As William and I stood outside the bank a pickup slowed through the parking lot and both inhabitants yelled out, “hey Bill, how ya doin?” He waved back as I got the feeling this former soldier may be a bit of a star right here in my own neighborhood. I asked about his internment and he told me that he was in the Battle of the Bulge. That was the winter of 1944-45 and the last surge Hitler’s Nazi troops were able to muster before crumbling to the Allies by the following spring. I told William about my father and his good fortune of not having to ever leave our country’s shores. He agreed that my father was a lucky man unlike so many of the men he stood side by side with. William mentioned how the Nazi’s surrounded his battalion and they were forced to surrender. He didn’t mention details, but I surmised he spent the next six months or so in a German gulag. I honestly marveled at the man as he stood before me. For weeks now I’ve been watching World War II history on television. But this man IS World War II history.
We only talked for a few minutes. I never got his last name. I wish I had. In hindsight I would love the opportunity to interview him about his experiences. He mentioned that he is or was part of an oral history group talking to new generations about the war and other events since. Told by the people that lived it to people who either never heard about it or only read about it in school. I thanked him for that, too. He and I agreed that events as big as a world war are better remembered when told by the ones who lived through it. He told me a boy asked him once, “how do we honor those of you who fought for us?” He looked me in the eye and said, “I told him that after the war, the day I turned 21 in 1947 I registered to vote and I have voted in every general election since 1970. You want to make a difference, vote.”
I told my wife when I got home how I honestly felt my day – and my mindset – profoundly changed that afternoon. While I admitted that I could be being a bit melodramatic, honestly meeting William had an impact on me. I won’t watch another WWII documentary without thinking about him. The last thing he said to me was probably the thing that affected me most, “you tell your father ‘thank you’ for me,” he said.

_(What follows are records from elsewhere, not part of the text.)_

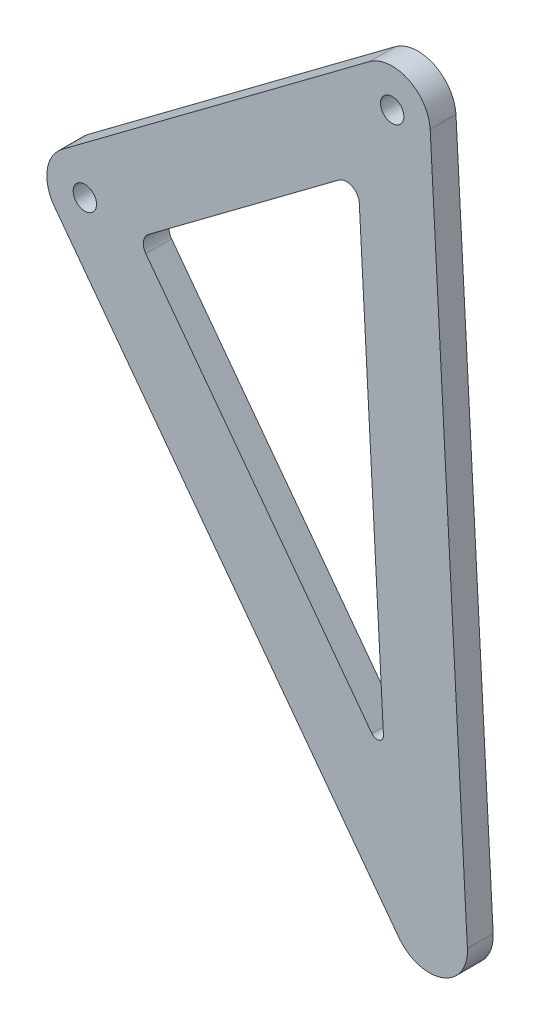
ISO-10303-21;
HEADER;
FILE_DESCRIPTION(('STEP AP214'),'2;1');
FILE_NAME('part.step','',(''),(''),'','','');
FILE_SCHEMA(('AUTOMOTIVE_DESIGN { 1 0 10303 214 1 1 1 1 }'));
ENDSEC;
DATA;
#1=APPLICATION_CONTEXT('core data for automotive mechanical design processes');
#2=APPLICATION_PROTOCOL_DEFINITION('international standard','automotive_design',2000,#1);
#3=PRODUCT_CONTEXT('',#1,'mechanical');
#4=PRODUCT('Part','Part','',(#3));
#5=PRODUCT_RELATED_PRODUCT_CATEGORY('part','',(#4));
#6=PRODUCT_DEFINITION_FORMATION('','',#4);
#7=PRODUCT_DEFINITION_CONTEXT('part definition',#1,'design');
#8=PRODUCT_DEFINITION('design','',#6,#7);
#9=PRODUCT_DEFINITION_SHAPE('','',#8);
#10=(LENGTH_UNIT() NAMED_UNIT(*) SI_UNIT(.MILLI.,.METRE.));
#11=(NAMED_UNIT(*) PLANE_ANGLE_UNIT() SI_UNIT($,.RADIAN.));
#12=(NAMED_UNIT(*) SI_UNIT($,.STERADIAN.) SOLID_ANGLE_UNIT());
#13=UNCERTAINTY_MEASURE_WITH_UNIT(LENGTH_MEASURE(1.E-05),#10,'distance_accuracy_value','');
#14=(GEOMETRIC_REPRESENTATION_CONTEXT(3) GLOBAL_UNCERTAINTY_ASSIGNED_CONTEXT((#13)) GLOBAL_UNIT_ASSIGNED_CONTEXT((#10,
#11,#12)) REPRESENTATION_CONTEXT('',''));
#15=CARTESIAN_POINT('',(0.,0.,0.));
#16=DIRECTION('',(0.,0.,1.));
#17=DIRECTION('',(1.,0.,0.));
#18=AXIS2_PLACEMENT_3D('',#15,#16,#17);
#19=CARTESIAN_POINT('',(134.353836065271,7.23649597476711,5.08));
#20=DIRECTION('',(-0.998552619120662,-0.0537835183607955,0.));
#21=DIRECTION('',(0.0537835183607955,-0.998552619120662,0.));
#22=AXIS2_PLACEMENT_3D('',#19,#20,#21);
#23=PLANE('',#22);
#24=DIRECTION('',(-0.0537835183607955,0.998552619120662,0.));
#25=VECTOR('',#24,1.);
#26=CARTESIAN_POINT('',(134.353836065271,7.23649597476711,0.));
#27=LINE('',#26,#25);
#28=CARTESIAN_POINT('',(133.206299189371,28.5418324029494,0.));
#29=VERTEX_POINT('',#28);
#30=CARTESIAN_POINT('',(128.44298424529,116.978229984838,0.));
#31=VERTEX_POINT('',#30);
#32=EDGE_CURVE('E202',#29,#31,#27,.T.);
#33=ORIENTED_EDGE('',*,*,#32,.F.);
#34=DIRECTION('',(0.,0.,-1.));
#35=VECTOR('',#34,1.);
#36=CARTESIAN_POINT('',(133.206299189371,28.5418324029494,5.08));
#37=LINE('',#36,#35);
#38=CARTESIAN_POINT('',(133.206299189371,28.5418324029494,5.08));
#39=VERTEX_POINT('',#38);
#40=EDGE_CURVE('E11',#39,#29,#37,.T.);
#41=ORIENTED_EDGE('',*,*,#40,.F.);
#42=DIRECTION('',(-0.0537835183607955,0.998552619120662,0.));
#43=VECTOR('',#42,1.);
#44=CARTESIAN_POINT('',(134.353836065271,7.23649597476711,5.08));
#45=LINE('',#44,#43);
#46=CARTESIAN_POINT('',(128.44298424529,116.978229984838,5.08));
#47=VERTEX_POINT('',#46);
#48=EDGE_CURVE('E292',#39,#47,#45,.T.);
#49=ORIENTED_EDGE('',*,*,#48,.T.);
#50=DIRECTION('',(0.,0.,-1.));
#51=VECTOR('',#50,1.);
#52=CARTESIAN_POINT('',(128.44298424529,116.978229984838,5.08));
#53=LINE('',#52,#51);
#54=EDGE_CURVE('E61',#47,#31,#53,.T.);
#55=ORIENTED_EDGE('',*,*,#54,.T.);
#56=EDGE_LOOP('',(#33,#41,#49,#55));
#57=FACE_BOUND('',#56,.T.);
#58=ADVANCED_FACE('F41',(#57),#23,.T.);
#59=CARTESIAN_POINT('',(131.938137363087,28.4735273346311,5.08));
#60=DIRECTION('',(0.,0.,-1.));
#61=DIRECTION('',(-1.,0.,0.));
#62=AXIS2_PLACEMENT_3D('',#59,#60,#61);
#63=CYLINDRICAL_SURFACE('',#62,1.27);
#64=CARTESIAN_POINT('',(131.938137363087,28.4735273346311,0.));
#65=DIRECTION('',(0.,0.,1.));
#66=DIRECTION('',(1.,0.,0.));
#67=AXIS2_PLACEMENT_3D('',#64,#65,#66);
#68=CIRCLE('',#67,1.27);
#69=CARTESIAN_POINT('',(130.92085177706,27.7132444685476,0.));
#70=VERTEX_POINT('',#69);
#71=EDGE_CURVE('E205',#29,#70,#68,.F.);
#72=ORIENTED_EDGE('',*,*,#71,.T.);
#73=DIRECTION('',(0.,0.,-1.));
#74=VECTOR('',#73,1.);
#75=CARTESIAN_POINT('',(130.92085177706,27.7132444685476,5.08));
#76=LINE('',#75,#74);
#77=CARTESIAN_POINT('',(130.92085177706,27.7132444685476,5.08));
#78=VERTEX_POINT('',#77);
#79=EDGE_CURVE('E52',#78,#70,#76,.T.);
#80=ORIENTED_EDGE('',*,*,#79,.F.);
#81=CARTESIAN_POINT('',(131.938137363087,28.4735273346311,5.08));
#82=DIRECTION('',(0.,0.,1.));
#83=DIRECTION('',(1.,0.,0.));
#84=AXIS2_PLACEMENT_3D('',#81,#82,#83);
#85=CIRCLE('',#84,1.27);
#86=EDGE_CURVE('E295',#39,#78,#85,.F.);
#87=ORIENTED_EDGE('',*,*,#86,.F.);
#88=ORIENTED_EDGE('',*,*,#40,.T.);
#89=EDGE_LOOP('',(#72,#80,#87,#88));
#90=FACE_BOUND('',#89,.T.);
#91=ADVANCED_FACE('F317',(#90),#63,.F.);
#92=CARTESIAN_POINT('',(97.2906985507178,72.7115887154625,5.08));
#93=DIRECTION('',(0.801012272462756,0.598647926050071,0.));
#94=DIRECTION('',(-0.598647926050071,0.801012272462756,0.));
#95=AXIS2_PLACEMENT_3D('',#92,#93,#94);
#96=PLANE('',#95);
#97=DIRECTION('',(0.598647926050071,-0.801012272462756,0.));
#98=VECTOR('',#97,1.);
#99=CARTESIAN_POINT('',(97.2906985507178,72.7115887154625,0.));
#100=LINE('',#99,#98);
#101=CARTESIAN_POINT('',(86.3846442614368,87.3042782575431,0.));
#102=VERTEX_POINT('',#101);
#103=EDGE_CURVE('E209',#102,#70,#100,.T.);
#104=ORIENTED_EDGE('',*,*,#103,.F.);
#105=DIRECTION('',(0.,0.,-1.));
#106=VECTOR('',#105,1.);
#107=CARTESIAN_POINT('',(86.3846442614368,87.3042782575431,5.08));
#108=LINE('',#107,#106);
#109=CARTESIAN_POINT('',(86.3846442614368,87.3042782575431,5.08));
#110=VERTEX_POINT('',#109);
#111=EDGE_CURVE('E148',#110,#102,#108,.T.);
#112=ORIENTED_EDGE('',*,*,#111,.F.);
#113=DIRECTION('',(0.598647926050071,-0.801012272462756,0.));
#114=VECTOR('',#113,1.);
#115=CARTESIAN_POINT('',(97.2906985507178,72.7115887154625,5.08));
#116=LINE('',#115,#114);
#117=EDGE_CURVE('E158',#110,#78,#116,.T.);
#118=ORIENTED_EDGE('',*,*,#117,.T.);
#119=ORIENTED_EDGE('',*,*,#79,.T.);
#120=EDGE_LOOP('',(#104,#112,#118,#119));
#121=FACE_BOUND('',#120,.T.);
#122=ADVANCED_FACE('F300',(#121),#96,.T.);
#123=CARTESIAN_POINT('',(88.4192154334922,88.8248439897103,5.08));
#124=DIRECTION('',(0.,0.,-1.));
#125=DIRECTION('',(-1.,0.,0.));
#126=AXIS2_PLACEMENT_3D('',#123,#124,#125);
#127=CYLINDRICAL_SURFACE('',#126,2.54);
#128=CARTESIAN_POINT('',(88.4192154334922,88.8248439897103,0.));
#129=DIRECTION('',(0.,0.,1.));
#130=DIRECTION('',(1.,0.,0.));
#131=AXIS2_PLACEMENT_3D('',#128,#129,#130);
#132=CIRCLE('',#131,2.54);
#133=CARTESIAN_POINT('',(86.898649701325,90.8594151617657,0.));
#134=VERTEX_POINT('',#133);
#135=EDGE_CURVE('E143',#134,#102,#132,.T.);
#136=ORIENTED_EDGE('',*,*,#135,.F.);
#137=DIRECTION('',(0.,0.,-1.));
#138=VECTOR('',#137,1.);
#139=CARTESIAN_POINT('',(86.898649701325,90.8594151617657,5.08));
#140=LINE('',#139,#138);
#141=CARTESIAN_POINT('',(86.898649701325,90.8594151617657,5.08));
#142=VERTEX_POINT('',#141);
#143=EDGE_CURVE('E138',#142,#134,#140,.T.);
#144=ORIENTED_EDGE('',*,*,#143,.F.);
#145=CARTESIAN_POINT('',(88.4192154334922,88.8248439897103,5.08));
#146=DIRECTION('',(0.,0.,1.));
#147=DIRECTION('',(1.,0.,0.));
#148=AXIS2_PLACEMENT_3D('',#145,#146,#147);
#149=CIRCLE('',#148,2.54);
#150=EDGE_CURVE('E141',#142,#110,#149,.T.);
#151=ORIENTED_EDGE('',*,*,#150,.T.);
#152=ORIENTED_EDGE('',*,*,#111,.T.);
#153=EDGE_LOOP('',(#136,#144,#151,#152));
#154=FACE_BOUND('',#153,.T.);
#155=ADVANCED_FACE('F140',(#154),#127,.F.);
#156=CARTESIAN_POINT('',(-12.4266200214481,16.627260714136,5.08));
#157=DIRECTION('',(0.598647926050072,-0.801012272462755,0.));
#158=DIRECTION('',(0.801012272462755,0.598647926050072,0.));
#159=AXIS2_PLACEMENT_3D('',#156,#157,#158);
#160=PLANE('',#159);
#161=DIRECTION('',(-0.801012272462756,-0.598647926050072,0.));
#162=VECTOR('',#161,1.);
#163=CARTESIAN_POINT('',(-12.4266200214481,16.627260714136,0.));
#164=LINE('',#163,#162);
#165=CARTESIAN_POINT('',(124.386094860556,118.876191020257,0.));
#166=VERTEX_POINT('',#165);
#167=EDGE_CURVE('E215',#166,#134,#164,.T.);
#168=ORIENTED_EDGE('',*,*,#167,.F.);
#169=DIRECTION('',(0.,0.,-1.));
#170=VECTOR('',#169,1.);
#171=CARTESIAN_POINT('',(124.386094860556,118.876191020257,5.08));
#172=LINE('',#171,#170);
#173=CARTESIAN_POINT('',(124.386094860556,118.876191020257,5.08));
#174=VERTEX_POINT('',#173);
#175=EDGE_CURVE('E98',#174,#166,#172,.T.);
#176=ORIENTED_EDGE('',*,*,#175,.F.);
#177=DIRECTION('',(-0.801012272462756,-0.598647926050072,0.));
#178=VECTOR('',#177,1.);
#179=CARTESIAN_POINT('',(-12.4266200214481,16.627260714136,5.08));
#180=LINE('',#179,#178);
#181=EDGE_CURVE('E156',#174,#142,#180,.T.);
#182=ORIENTED_EDGE('',*,*,#181,.T.);
#183=ORIENTED_EDGE('',*,*,#143,.T.);
#184=EDGE_LOOP('',(#168,#176,#182,#183));
#185=FACE_BOUND('',#184,.T.);
#186=ADVANCED_FACE('F161',(#185),#160,.T.);
#187=CARTESIAN_POINT('',(-21.4063389121992,28.6424448010773,5.08));
#188=DIRECTION('',(-0.598647926050072,0.801012272462756,0.));
#189=DIRECTION('',(-0.801012272462756,-0.598647926050072,0.));
#190=AXIS2_PLACEMENT_3D('',#187,#188,#189);
#191=PLANE('',#190);
#192=DIRECTION('',(0.801012272462756,0.598647926050072,0.));
#193=VECTOR('',#192,1.);
#194=CARTESIAN_POINT('',(-21.4063389121992,28.6424448010773,0.));
#195=LINE('',#194,#193);
#196=CARTESIAN_POINT('',(69.8767675950485,96.8641740711648,0.));
#197=VERTEX_POINT('',#196);
#198=CARTESIAN_POINT('',(130.433295393233,142.12195728055,0.));
#199=VERTEX_POINT('',#198);
#200=EDGE_CURVE('E178',#197,#199,#195,.T.);
#201=ORIENTED_EDGE('',*,*,#200,.F.);
#202=DIRECTION('',(0.,0.,-1.));
#203=VECTOR('',#202,1.);
#204=CARTESIAN_POINT('',(69.8767675950485,96.8641740711648,5.08));
#205=LINE('',#204,#203);
#206=CARTESIAN_POINT('',(69.8767675950485,96.8641740711648,5.08));
#207=VERTEX_POINT('',#206);
#208=EDGE_CURVE('E45',#207,#197,#205,.T.);
#209=ORIENTED_EDGE('',*,*,#208,.F.);
#210=DIRECTION('',(0.801012272462756,0.598647926050072,0.));
#211=VECTOR('',#210,1.);
#212=CARTESIAN_POINT('',(-21.4063389121992,28.6424448010773,5.08));
#213=LINE('',#212,#211);
#214=CARTESIAN_POINT('',(130.433295393233,142.12195728055,5.08));
#215=VERTEX_POINT('',#214);
#216=EDGE_CURVE('E260',#207,#215,#213,.T.);
#217=ORIENTED_EDGE('',*,*,#216,.T.);
#218=DIRECTION('',(0.,0.,-1.));
#219=VECTOR('',#218,1.);
#220=CARTESIAN_POINT('',(130.433295393233,142.12195728055,5.08));
#221=LINE('',#220,#219);
#222=EDGE_CURVE('E166',#215,#199,#221,.T.);
#223=ORIENTED_EDGE('',*,*,#222,.T.);
#224=EDGE_LOOP('',(#201,#209,#217,#223));
#225=FACE_BOUND('',#224,.T.);
#226=ADVANCED_FACE('F258',(#225),#191,.T.);
#227=CARTESIAN_POINT('',(74.3666270404231,90.8565820276941,5.08));
#228=DIRECTION('',(0.,0.,-1.));
#229=DIRECTION('',(-1.,0.,0.));
#230=AXIS2_PLACEMENT_3D('',#227,#228,#229);
#231=CYLINDRICAL_SURFACE('',#230,7.49999999999976);
#232=CARTESIAN_POINT('',(74.3666270404231,90.8565820276941,0.));
#233=DIRECTION('',(0.,0.,1.));
#234=DIRECTION('',(1.,0.,0.));
#235=AXIS2_PLACEMENT_3D('',#232,#233,#234);
#236=CIRCLE('',#235,7.49999999999976);
#237=CARTESIAN_POINT('',(68.3590349969524,86.3667225823185,0.));
#238=VERTEX_POINT('',#237);
#239=EDGE_CURVE('E182',#197,#238,#236,.T.);
#240=ORIENTED_EDGE('',*,*,#239,.T.);
#241=DIRECTION('',(0.,0.,-1.));
#242=VECTOR('',#241,1.);
#243=CARTESIAN_POINT('',(68.3590349969524,86.3667225823185,5.08));
#244=LINE('',#243,#242);
#245=CARTESIAN_POINT('',(68.3590349969524,86.3667225823185,5.08));
#246=VERTEX_POINT('',#245);
#247=EDGE_CURVE('E241',#246,#238,#244,.T.);
#248=ORIENTED_EDGE('',*,*,#247,.F.);
#249=CARTESIAN_POINT('',(74.3666270404231,90.8565820276941,5.08));
#250=DIRECTION('',(0.,0.,1.));
#251=DIRECTION('',(1.,0.,0.));
#252=AXIS2_PLACEMENT_3D('',#249,#250,#251);
#253=CIRCLE('',#252,7.49999999999976);
#254=EDGE_CURVE('E251',#207,#246,#253,.T.);
#255=ORIENTED_EDGE('',*,*,#254,.F.);
#256=ORIENTED_EDGE('',*,*,#208,.T.);
#257=EDGE_LOOP('',(#240,#248,#255,#256));
#258=FACE_BOUND('',#257,.T.);
#259=ADVANCED_FACE('F250',(#258),#231,.T.);
#260=CARTESIAN_POINT('',(85.2755144637764,63.7318698247114,5.08));
#261=DIRECTION('',(-0.801012272462756,-0.598647926050072,0.));
#262=DIRECTION('',(0.598647926050072,-0.801012272462756,0.));
#263=AXIS2_PLACEMENT_3D('',#260,#261,#262);
#264=PLANE('',#263);
#265=DIRECTION('',(-0.598647926050072,0.801012272462756,0.));
#266=VECTOR('',#265,1.);
#267=CARTESIAN_POINT('',(85.2755144637764,63.7318698247114,0.));
#268=LINE('',#267,#266);
#269=CARTESIAN_POINT('',(136.245709811031,-4.46806911495795,0.));
#270=VERTEX_POINT('',#269);
#271=EDGE_CURVE('E186',#270,#238,#268,.T.);
#272=ORIENTED_EDGE('',*,*,#271,.F.);
#273=DIRECTION('',(0.,0.,-1.));
#274=VECTOR('',#273,1.);
#275=CARTESIAN_POINT('',(136.245709811031,-4.46806911495795,5.08));
#276=LINE('',#275,#274);
#277=CARTESIAN_POINT('',(136.245709811031,-4.46806911495795,5.08));
#278=VERTEX_POINT('',#277);
#279=EDGE_CURVE('E239',#278,#270,#276,.T.);
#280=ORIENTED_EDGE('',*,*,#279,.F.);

A lump swelled in my throat and my eyes got blurry. Here was a man who had his life on the line – who stared down Panzer’s and Nazi rifles. A man who was locked up in a German P.O.W. camp – and he wanted to thank my father for serving.
I doubt I’ll ever see William again. If I do, I’ll thank him again. Not just for serving but for living out all he served for – even 70 years later. William, my father and those they served with are often referred to as the Greatest Generation. William reminded me of why: they were, and are, people who understood sacrifice, honor, patriotism, service and respect. They are not the Greatest Generation because they won the war – but because they knew what they fought for and respected what it was they defended. I think that we would all be a little bit better people for appreciating that.